*** Opening of Material for this exercise ***

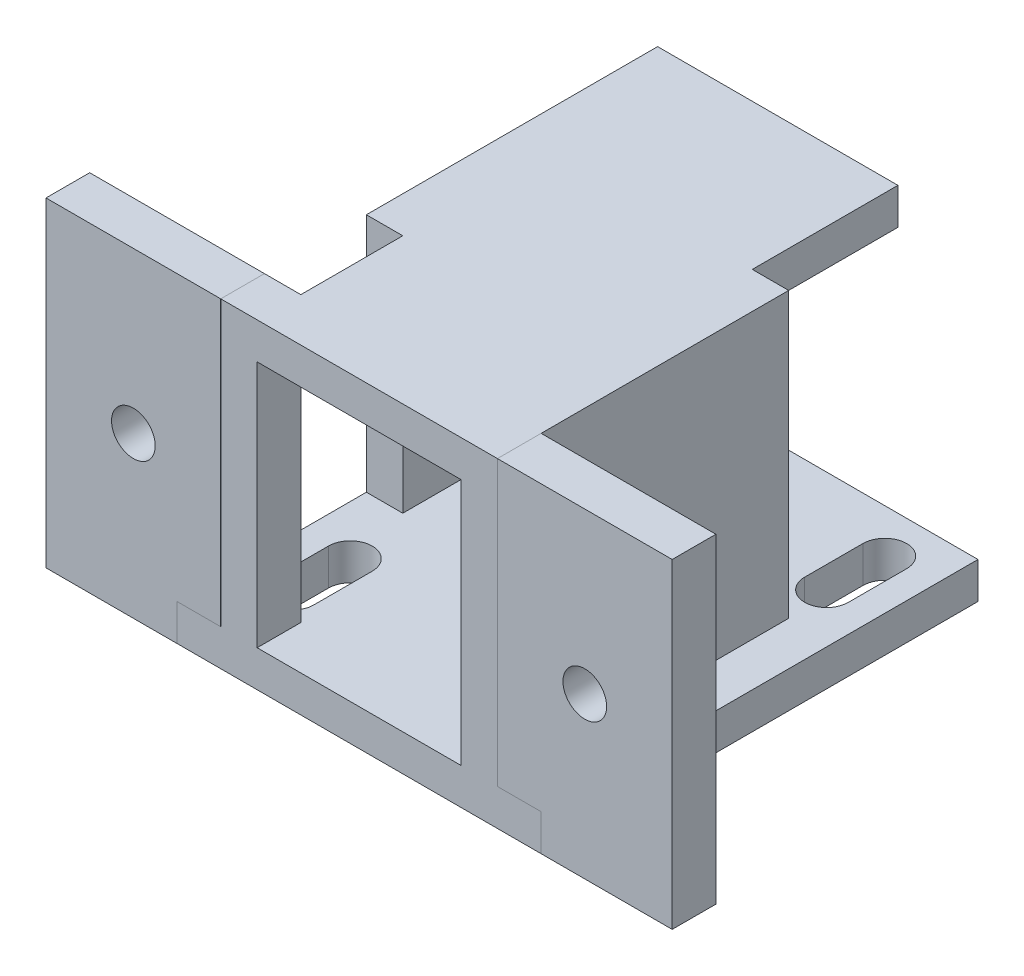
SolidWorks part; units mm, degrees
ref_plane "Front Plane" through (0, 0, 0) normal (0, 0, 1) x (1, 0, 0)
ref_plane "Top Plane" through (0, 0, 0) normal (0, 1, 0) x (1, 0, 0)
ref_plane "Right Plane" through (0, 0, 0) normal (1, 0, 0) x (0, 0, -1)
sketch "Sketch1" plane through (0, 0, 0) normal (0, 0, 1) x (1, 0, 0)
  line L0 (9.5, 11) -> (9.5, -11)
  line L1 (7, 8.5) -> (-7, 8.5)
  line L2 (7, 8.5) -> (7, -8.5)
  line L3 (7, -8.5) -> (-7, -8.5)
  line L4 (-7, 8.5) -> (-7, -8.5)
  line L5 (7, 8.5) -> (-7, -8.5) construction
  line L6 (7, -8.5) -> (-7, 8.5) construction
  line L7 (9.5, -11) -> (-9.5, -11)
  line L8 (-9.5, 11) -> (-9.5, -11)
  line L9 (9.5, 11) -> (-9.5, 11)
  line L11 (-9.5, -11) -> (-12.5, -11)
  line L12 (-9.5, -11) -> (-9.5, -8.5)
  line L13 (-9.5, -8.5) -> (-12.5, -8.5)
  line L14 (-12.5, -11) -> (-12.5, -8.5)
  line L15 (9.5, -11) -> (12.5, -11)
  line L16 (9.5, -11) -> (9.5, -8.5)
  line L17 (9.5, -8.5) -> (12.5, -8.5)
  line L18 (12.5, -11) -> (12.5, -8.5)
  point P0 (0, 0)
  dimension "D1" = 17
  dimension "D2" = 14
  dimension "D4" = 25
  dimension "D3" = 2.5
extrude "Boss-Extrude1" add sketch "Sketch1" along normal blind 30 contours L0 L9 L8 L7 L4 L1 L2 L3 | L14 L11 L8 L13 | L15 L18 L17 L0
sketch "Sketch2" plane through (-9.5, 0, 0) normal (-1, 0, 0) x (0, 0, 1)
  line L1 (27, -5.5) -> (0, -5.5)
  line L2 (27, -5.5) -> (27, -8.5)
  line L3 (27, -8.5) -> (0, -8.5)
  line L4 (0, -5.5) -> (0, -8.5)
  line L6 (30, 11) -> (30, -8.5) construction
  line L7 (30, 11) -> (0, 11) construction
  line L8 (27, -5.5) -> (20, -5.5)
  line L9 (27, -5.5) -> (27, 11)
  line L10 (27, 11) -> (20, 11)
  line L11 (20, -5.5) -> (20, 11)
  line M8 (30, 11) -> (0, 11)
  line M9 (0, 11) -> (0, -8.5)
  line M10 (0, -8.5) -> (30, -8.5)
  dimension "D1" = 3
  dimension "D2" = 3
  dimension "D3" = 7
extrude "Cut-Extrude1" cut sketch "Sketch2" against normal up to surface (2.5 mm away) contours L2 L1 M9 M10 | L11 L1 L9 M8 up to face at (-7, 0, 15)
sketch "Sketch3" plane through (9.5, 0, 0) normal (1, 0, 0) x (0, 0, -1)
  line L1 (-10, -5.5) -> (0, -5.5)
  line L2 (-10, -5.5) -> (-10, -8.5)
  line L3 (-10, -8.5) -> (0, -8.5)
  line L4 (0, -5.5) -> (0, -8.5)
  line L6 (-10, -5.5) -> (0, -5.5)
  line L7 (-10, -5.5) -> (-10, 11)
  line L8 (-10, 11) -> (0, 11)
  line L9 (0, -5.5) -> (0, 11)
  line M6 (0, 11) -> (-30, 11)
  line M9 (0, -8.5) -> (0, 11)
  line M11 (-30, -8.5) -> (0, -8.5)
  dimension "D1" = 10
extrude "Cut-Extrude2" cut sketch "Sketch3" against normal up to surface (2.5 mm away) contours L7 L1 M9 M6 | L1 L2 M11 M9 up to face at (7, 0, 15)
sketch "Sketch5" plane through (0, -8.5, 0) normal (0, 1, 0) x (1, 0, 0)
  line L0 (-9.1, -25.5) -> (-9.1, -21.5) construction
  line L1 (-10.6, -25.5) -> (-10.6, -21.5)
  line L2 (-7.6, -25.5) -> (-7.6, -21.5)
  line L3 (9.1, -7) -> (9.1, -3) construction
  line L4 (7.6, -7) -> (7.6, -3)
  line L5 (10.6, -7) -> (10.6, -3)
  line L7 (9.1, -5) -> (-9.1, -5) construction
  line L8 (-7, -27) -> (-7, -20) construction
  line L9 (7, -10) -> (7, 0) construction
  arc A2 (-10.6, -25.5) -> (-7.6, -25.5) centre (-9.1, -25.5) ccw
  arc A3 (-7.6, -21.5) -> (-10.6, -21.5) centre (-9.1, -21.5) ccw
  arc A4 (7.6, -7) -> (10.6, -7) centre (9.1, -7) ccw
  arc A5 (10.6, -3) -> (7.6, -3) centre (9.1, -3) ccw
  point P2 (-9.1, -23.5)
  point P7 (9.1, -5)
  point P15 (0, -5)
  point P24 (-7, -23.5)
  point P28 (7, -5)
  dimension "D2" = 4
  dimension "D4" = 1.5
  dimension "D1" = 18.2
extrude "Cut-Extrude3" cut sketch "Sketch5" against normal through all
sketch "Sketch6" plane through (0, 0, 30) normal (0, 0, 1) x (1, 0, 0)
  line L0 (-9.5, 11) -> (-9.5, -8.5) construction
  line L1 (-9.5, 11) -> (-21.5, 11)
  line L2 (-9.5, 11) -> (-9.5, -8.5)
  line L3 (-9.5, -8.5) -> (-21.5, -8.5)
  line L4 (-21.5, 11) -> (-21.5, -8.5)
  line L5 (9.5, 11) -> (9.5, -8.5) construction
  line L6 (9.5, 11) -> (21.5, 11)
  line L7 (9.5, 11) -> (9.5, -8.5)
  line L8 (9.5, -8.5) -> (21.5, -8.5)
  line L9 (21.5, 11) -> (21.5, -8.5)
  line L11 (-21.5, -8.5) -> (-12.5, -8.5)
  line L12 (-21.5, -8.5) -> (-21.5, -11)
  line L13 (-21.5, -11) -> (-12.5, -11)
  line L14 (-12.5, -8.5) -> (-12.5, -11)
  line L15 (21.5, -8.5) -> (12.5, -8.5)
  line L16 (21.5, -8.5) -> (21.5, -11)
  line L17 (21.5, -11) -> (12.5, -11)
  line L18 (12.5, -8.5) -> (12.5, -11)
  circle A0 centre (-15.5, 0) radius 1.5
  circle A1 centre (15.5, 0) radius 1.5
  point P22 (-15.5, 11)
  point P24 (15.5, 11)
  line M15 (9.5, -8.5) -> (9.5, 11)
  line M17 (-9.5, 11) -> (-9.5, -8.5)
  line M18 (-9.5, -8.5) -> (-12.5, -8.5)
  line M19 (-12.5, -8.5) -> (-12.5, -11)
  line M21 (12.5, -11) -> (12.5, -8.5)
  line M22 (12.5, -8.5) -> (9.5, -8.5)
  dimension "D1" = 3
  dimension "D2" = 31
extrude "Boss-Extrude2" add sketch "Sketch6" against normal blind 3 separate body contours L1 L4 L3 A0 M18 M17 | L12 L13 L3 M19 | L17 L16 L8 M21 | L9 L6 L8 A1 M15 M22

*** Close of Material for this exercise ***

→ What the task requires
Write down only the number of lines above where the word "extrude" occurs.

→ Solution for this exercise
5